Extracted records
=====

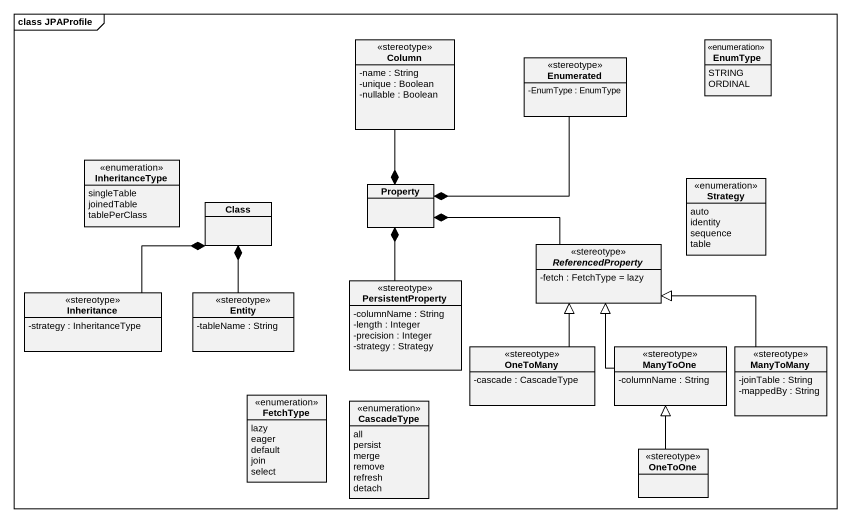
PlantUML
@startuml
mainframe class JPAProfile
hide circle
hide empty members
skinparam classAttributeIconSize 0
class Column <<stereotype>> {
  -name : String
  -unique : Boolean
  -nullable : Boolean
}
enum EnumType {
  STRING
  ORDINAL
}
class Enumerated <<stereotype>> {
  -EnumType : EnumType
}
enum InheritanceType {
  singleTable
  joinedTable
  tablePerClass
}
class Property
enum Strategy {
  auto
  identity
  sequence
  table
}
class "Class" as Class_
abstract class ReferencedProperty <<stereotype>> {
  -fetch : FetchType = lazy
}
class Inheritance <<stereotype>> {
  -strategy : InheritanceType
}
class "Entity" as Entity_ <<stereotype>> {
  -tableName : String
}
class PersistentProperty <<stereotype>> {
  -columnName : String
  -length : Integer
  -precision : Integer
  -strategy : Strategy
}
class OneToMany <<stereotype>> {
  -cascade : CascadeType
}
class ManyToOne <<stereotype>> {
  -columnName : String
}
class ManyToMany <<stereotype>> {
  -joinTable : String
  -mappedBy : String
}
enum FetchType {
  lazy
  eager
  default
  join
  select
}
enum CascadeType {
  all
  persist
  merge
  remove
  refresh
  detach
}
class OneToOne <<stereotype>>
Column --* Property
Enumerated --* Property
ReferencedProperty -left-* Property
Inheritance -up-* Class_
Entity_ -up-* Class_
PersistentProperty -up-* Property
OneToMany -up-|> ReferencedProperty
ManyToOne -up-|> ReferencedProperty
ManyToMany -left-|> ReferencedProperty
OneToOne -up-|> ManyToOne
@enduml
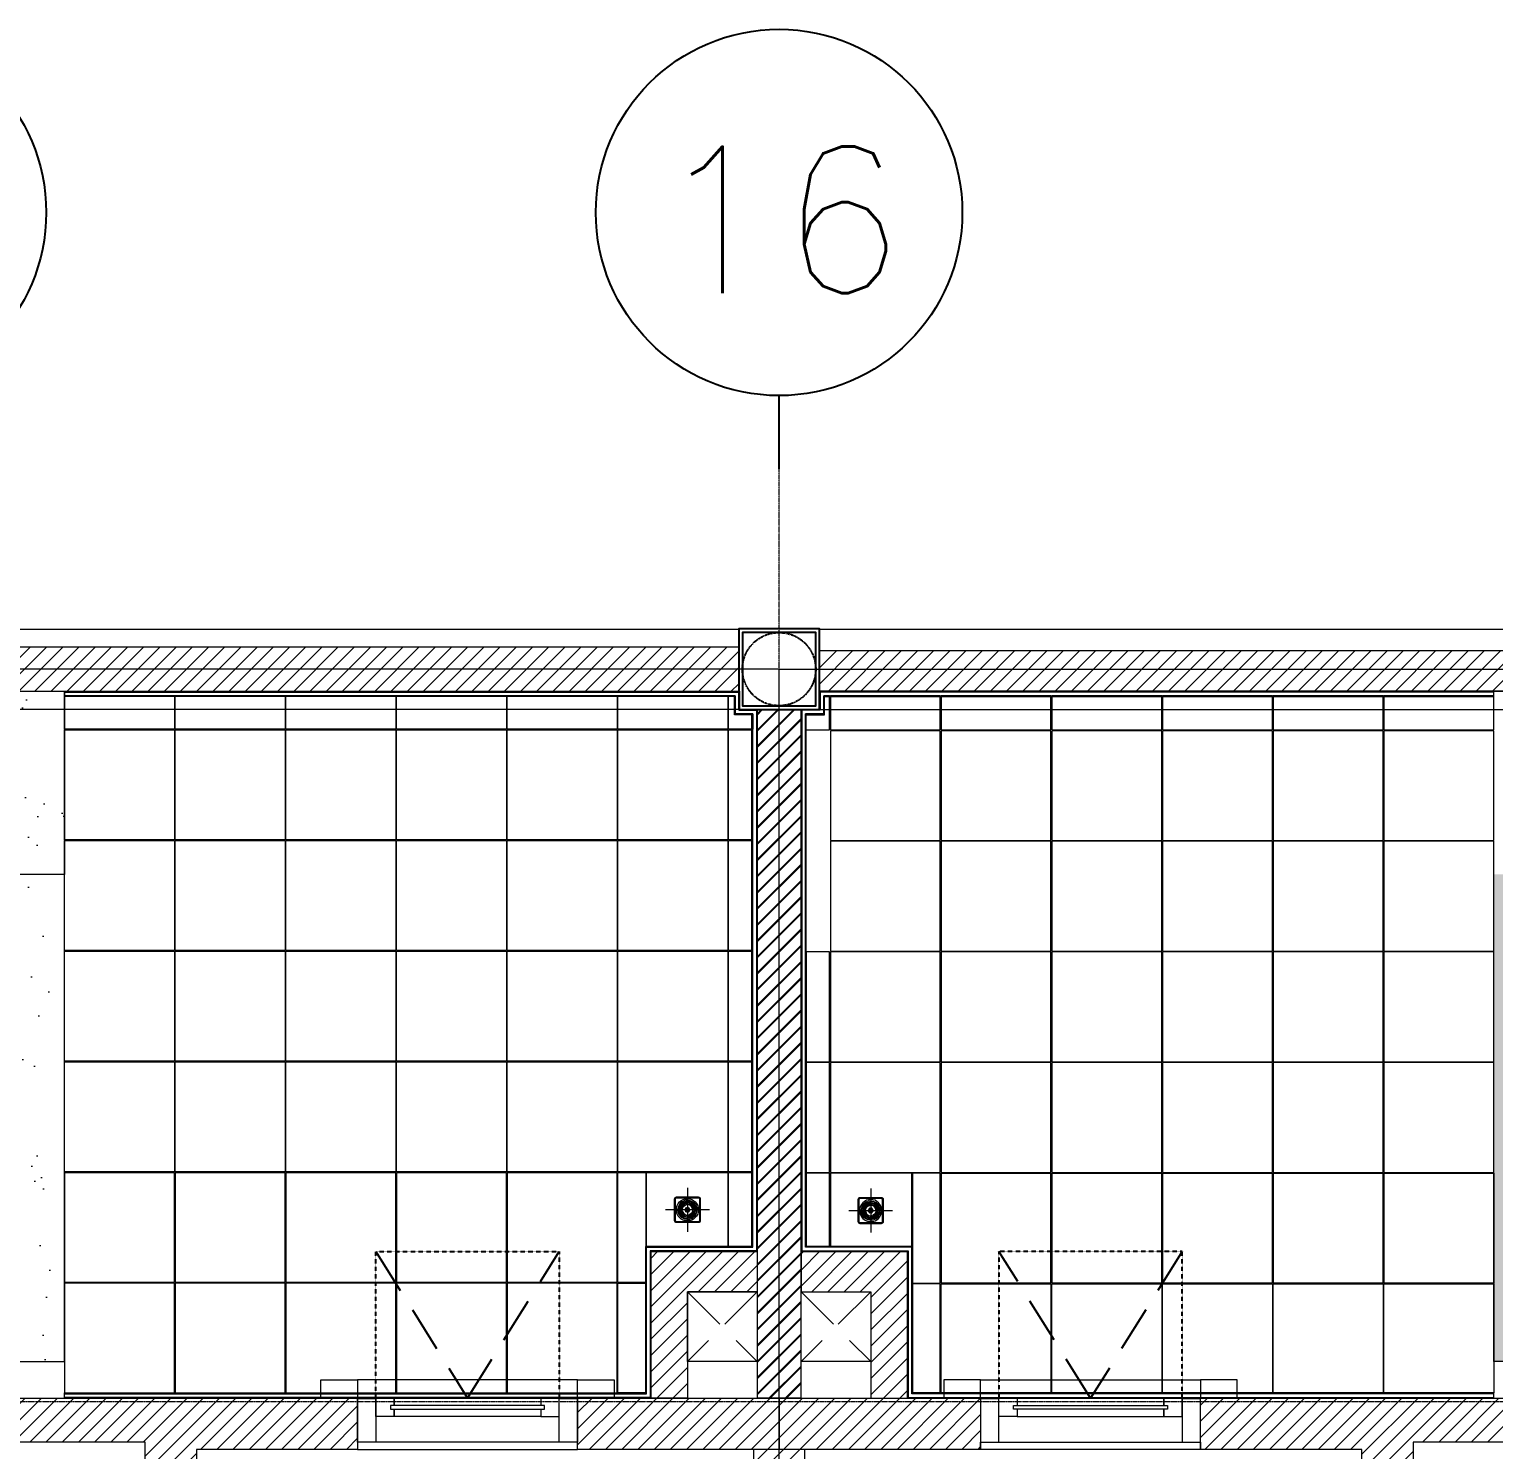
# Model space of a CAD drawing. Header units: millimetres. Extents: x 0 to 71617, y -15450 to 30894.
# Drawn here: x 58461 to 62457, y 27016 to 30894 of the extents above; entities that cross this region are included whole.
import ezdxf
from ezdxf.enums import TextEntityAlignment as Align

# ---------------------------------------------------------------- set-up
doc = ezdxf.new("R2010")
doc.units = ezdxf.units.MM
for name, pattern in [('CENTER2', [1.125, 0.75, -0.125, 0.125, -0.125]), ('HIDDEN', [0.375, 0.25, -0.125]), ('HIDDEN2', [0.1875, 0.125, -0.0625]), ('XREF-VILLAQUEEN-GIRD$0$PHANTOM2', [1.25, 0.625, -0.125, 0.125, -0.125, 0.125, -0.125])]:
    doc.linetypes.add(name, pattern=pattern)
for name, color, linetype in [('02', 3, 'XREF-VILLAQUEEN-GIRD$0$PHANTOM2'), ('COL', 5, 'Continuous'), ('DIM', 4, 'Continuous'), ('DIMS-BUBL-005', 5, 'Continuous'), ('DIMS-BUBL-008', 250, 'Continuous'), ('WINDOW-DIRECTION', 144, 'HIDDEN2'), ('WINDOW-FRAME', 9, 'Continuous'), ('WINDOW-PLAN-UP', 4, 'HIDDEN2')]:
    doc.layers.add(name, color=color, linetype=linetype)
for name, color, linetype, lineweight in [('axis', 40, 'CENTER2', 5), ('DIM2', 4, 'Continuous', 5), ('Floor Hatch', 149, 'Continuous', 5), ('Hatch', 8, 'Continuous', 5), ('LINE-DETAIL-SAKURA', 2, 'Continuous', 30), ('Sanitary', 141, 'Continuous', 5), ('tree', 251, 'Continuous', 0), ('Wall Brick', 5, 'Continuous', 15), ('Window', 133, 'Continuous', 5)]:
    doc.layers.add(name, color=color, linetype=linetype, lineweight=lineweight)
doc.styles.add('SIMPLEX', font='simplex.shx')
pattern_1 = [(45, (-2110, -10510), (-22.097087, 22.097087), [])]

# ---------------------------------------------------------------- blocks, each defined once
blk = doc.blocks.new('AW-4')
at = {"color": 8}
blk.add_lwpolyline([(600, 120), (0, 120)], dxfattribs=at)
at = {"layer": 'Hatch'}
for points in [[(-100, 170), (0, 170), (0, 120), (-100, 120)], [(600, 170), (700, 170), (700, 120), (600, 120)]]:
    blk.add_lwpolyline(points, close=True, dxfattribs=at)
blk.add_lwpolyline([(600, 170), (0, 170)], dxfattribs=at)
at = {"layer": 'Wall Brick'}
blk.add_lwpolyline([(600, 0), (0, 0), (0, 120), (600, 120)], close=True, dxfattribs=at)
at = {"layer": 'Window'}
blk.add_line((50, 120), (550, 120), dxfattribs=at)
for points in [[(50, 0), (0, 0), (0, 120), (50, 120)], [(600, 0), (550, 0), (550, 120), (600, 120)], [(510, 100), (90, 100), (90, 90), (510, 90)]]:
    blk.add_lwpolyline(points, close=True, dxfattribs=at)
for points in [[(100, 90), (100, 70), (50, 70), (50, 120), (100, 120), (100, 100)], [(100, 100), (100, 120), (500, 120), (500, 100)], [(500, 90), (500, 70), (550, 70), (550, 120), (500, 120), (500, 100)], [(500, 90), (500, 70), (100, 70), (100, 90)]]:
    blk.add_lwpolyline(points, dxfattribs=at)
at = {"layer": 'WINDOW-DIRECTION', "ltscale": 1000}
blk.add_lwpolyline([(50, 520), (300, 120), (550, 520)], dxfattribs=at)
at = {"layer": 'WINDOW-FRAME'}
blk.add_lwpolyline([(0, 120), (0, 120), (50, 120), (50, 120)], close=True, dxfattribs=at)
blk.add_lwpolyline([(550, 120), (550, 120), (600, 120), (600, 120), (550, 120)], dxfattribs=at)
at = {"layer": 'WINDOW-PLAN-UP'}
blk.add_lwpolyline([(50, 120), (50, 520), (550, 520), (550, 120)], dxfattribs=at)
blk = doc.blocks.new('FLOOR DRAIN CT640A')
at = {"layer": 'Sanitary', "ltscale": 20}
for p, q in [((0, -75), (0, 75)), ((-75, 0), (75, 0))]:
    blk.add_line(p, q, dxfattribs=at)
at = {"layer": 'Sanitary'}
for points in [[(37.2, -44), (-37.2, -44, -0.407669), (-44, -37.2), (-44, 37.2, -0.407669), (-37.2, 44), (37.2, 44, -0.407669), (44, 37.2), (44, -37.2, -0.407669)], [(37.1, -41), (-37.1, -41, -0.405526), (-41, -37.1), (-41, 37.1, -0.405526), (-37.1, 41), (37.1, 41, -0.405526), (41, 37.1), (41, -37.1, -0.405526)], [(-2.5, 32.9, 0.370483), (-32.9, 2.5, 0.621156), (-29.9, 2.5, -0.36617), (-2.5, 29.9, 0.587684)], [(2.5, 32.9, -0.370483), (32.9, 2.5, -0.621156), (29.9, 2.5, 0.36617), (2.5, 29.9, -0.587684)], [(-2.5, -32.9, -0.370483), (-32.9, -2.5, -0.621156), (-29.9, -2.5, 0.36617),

=====

TASK STATEMENT: Go through the entries and retype each one exactly, skipping any image.

TASK ANSWER:
PlantUML
@startuml
mainframe class JPAProfile
hide circle
hide empty members
skinparam classAttributeIconSize 0
class Column <<stereotype>> {
  -name : String
  -unique : Boolean
  -nullable : Boolean
}
enum EnumType {
  STRING
  ORDINAL
}
class Enumerated <<stereotype>> {
  -EnumType : EnumType
}
enum InheritanceType {
  singleTable
  joinedTable
  tablePerClass
}
class Property
enum Strategy {
  auto
  identity
  sequence
  table
}
class "Class" as Class_
abstract class ReferencedProperty <<stereotype>> {
  -fetch : FetchType = lazy
}
class Inheritance <<stereotype>> {
  -strategy : InheritanceType
}
class "Entity" as Entity_ <<stereotype>> {
  -tableName : String
}
class PersistentProperty <<stereotype>> {
  -columnName : String
  -length : Integer
  -precision : Integer
  -strategy : Strategy
}
class OneToMany <<stereotype>> {
  -cascade : CascadeType
}
class ManyToOne <<stereotype>> {
  -columnName : String
}
class ManyToMany <<stereotype>> {
  -joinTable : String
  -mappedBy : String
}
enum FetchType {
  lazy
  eager
  default
  join
  select
}
enum CascadeType {
  all
  persist
  merge
  remove
  refresh
  detach
}
class OneToOne <<stereotype>>
Column --* Property
Enumerated --* Property
ReferencedProperty -left-* Property
Inheritance -up-* Class_
Entity_ -up-* Class_
PersistentProperty -up-* Property
OneToMany -up-|> ReferencedProperty
ManyToOne -up-|> ReferencedProperty
ManyToMany -left-|> ReferencedProperty
OneToOne -up-|> ManyToOne
@enduml
# Model space of a CAD drawing. Header units: millimetres. Extents: x 0 to 71617, y -15450 to 30894.
# Drawn here: x 58461 to 62457, y 27016 to 30894 of the extents above; entities that cross this region are included whole.
import ezdxf
from ezdxf.enums import TextEntityAlignment as Align

# ---------------------------------------------------------------- set-up
doc = ezdxf.new("R2010")
doc.units = ezdxf.units.MM
for name, pattern in [('CENTER2', [1.125, 0.75, -0.125, 0.125, -0.125]), ('HIDDEN', [0.375, 0.25, -0.125]), ('HIDDEN2', [0.1875, 0.125, -0.0625]), ('XREF-VILLAQUEEN-GIRD$0$PHANTOM2', [1.25, 0.625, -0.125, 0.125, -0.125, 0.125, -0.125])]:
    doc.linetypes.add(name, pattern=pattern)
for name, color, linetype in [('02', 3, 'XREF-VILLAQUEEN-GIRD$0$PHANTOM2'), ('COL', 5, 'Continuous'), ('DIM', 4, 'Continuous'), ('DIMS-BUBL-005', 5, 'Continuous'), ('DIMS-BUBL-008', 250, 'Continuous'), ('WINDOW-DIRECTION', 144, 'HIDDEN2'), ('WINDOW-FRAME', 9, 'Continuous'), ('WINDOW-PLAN-UP', 4, 'HIDDEN2')]:
    doc.layers.add(name, color=color, linetype=linetype)
for name, color, linetype, lineweight in [('axis', 40, 'CENTER2', 5), ('DIM2', 4, 'Continuous', 5), ('Floor Hatch', 149, 'Continuous', 5), ('Hatch', 8, 'Continuous', 5), ('LINE-DETAIL-SAKURA', 2, 'Continuous', 30), ('Sanitary', 141, 'Continuous', 5), ('tree', 251, 'Continuous', 0), ('Wall Brick', 5, 'Continuous', 15), ('Window', 133, 'Continuous', 5)]:
    doc.layers.add(name, color=color, linetype=linetype, lineweight=lineweight)
doc.styles.add('SIMPLEX', font='simplex.shx')
pattern_1 = [(45, (-2110, -10510), (-22.097087, 22.097087), [])]

# ---------------------------------------------------------------- blocks, each defined once
blk = doc.blocks.new('AW-4')
at = {"color": 8}
blk.add_lwpolyline([(600, 120), (0, 120)], dxfattribs=at)
at = {"layer": 'Hatch'}
for points in [[(-100, 170), (0, 170), (0, 120), (-100, 120)], [(600, 170), (700, 170), (700, 120), (600, 120)]]:
    blk.add_lwpolyline(points, close=True, dxfattribs=at)
blk.add_lwpolyline([(600, 170), (0, 170)], dxfattribs=at)
at = {"layer": 'Wall Brick'}
blk.add_lwpolyline([(600, 0), (0, 0), (0, 120), (600, 120)], close=True, dxfattribs=at)
at = {"layer": 'Window'}
blk.add_line((50, 120), (550, 120), dxfattribs=at)
for points in [[(50, 0), (0, 0), (0, 120), (50, 120)], [(600, 0), (550, 0), (550, 120), (600, 120)], [(510, 100), (90, 100), (90, 90), (510, 90)]]:
    blk.add_lwpolyline(points, close=True, dxfattribs=at)
for points in [[(100, 90), (100, 70), (50, 70), (50, 120), (100, 120), (100, 100)], [(100, 100), (100, 120), (500, 120), (500, 100)], [(500, 90), (500, 70), (550, 70), (550, 120), (500, 120), (500, 100)], [(500, 90), (500, 70), (100, 70), (100, 90)]]:
    blk.add_lwpolyline(points, dxfattribs=at)
at = {"layer": 'WINDOW-DIRECTION', "ltscale": 1000}
blk.add_lwpolyline([(50, 520), (300, 120), (550, 520)], dxfattribs=at)
at = {"layer": 'WINDOW-FRAME'}
blk.add_lwpolyline([(0, 120), (0, 120), (50, 120), (50, 120)], close=True, dxfattribs=at)
blk.add_lwpolyline([(550, 120), (550, 120), (600, 120), (600, 120), (550, 120)], dxfattribs=at)
at = {"layer": 'WINDOW-PLAN-UP'}
blk.add_lwpolyline([(50, 120), (50, 520), (550, 520), (550, 120)], dxfattribs=at)
blk = doc.blocks.new('FLOOR DRAIN CT640A')
at = {"layer": 'Sanitary', "ltscale": 20}
for p, q in [((0, -75), (0, 75)), ((-75, 0), (75, 0))]:
    blk.add_line(p, q, dxfattribs=at)
at = {"layer": 'Sanitary'}
for points in [[(37.2, -44), (-37.2, -44, -0.407669), (-44, -37.2), (-44, 37.2, -0.407669), (-37.2, 44), (37.2, 44, -0.407669), (44, 37.2), (44, -37.2, -0.407669)], [(37.1, -41), (-37.1, -41, -0.405526), (-41, -37.1), (-41, 37.1, -0.405526), (-37.1, 41), (37.1, 41, -0.405526), (41, 37.1), (41, -37.1, -0.405526)], [(-2.5, 32.9, 0.370483), (-32.9, 2.5, 0.621156), (-29.9, 2.5, -0.36617), (-2.5, 29.9, 0.587684)], [(2.5, 32.9, -0.370483), (32.9, 2.5, -0.621156), (29.9, 2.5, 0.36617), (2.5, 29.9, -0.587684)], [(-2.5, -32.9, -0.370483), (-32.9, -2.5, -0.621156), (-29.9, -2.5, 0.36617),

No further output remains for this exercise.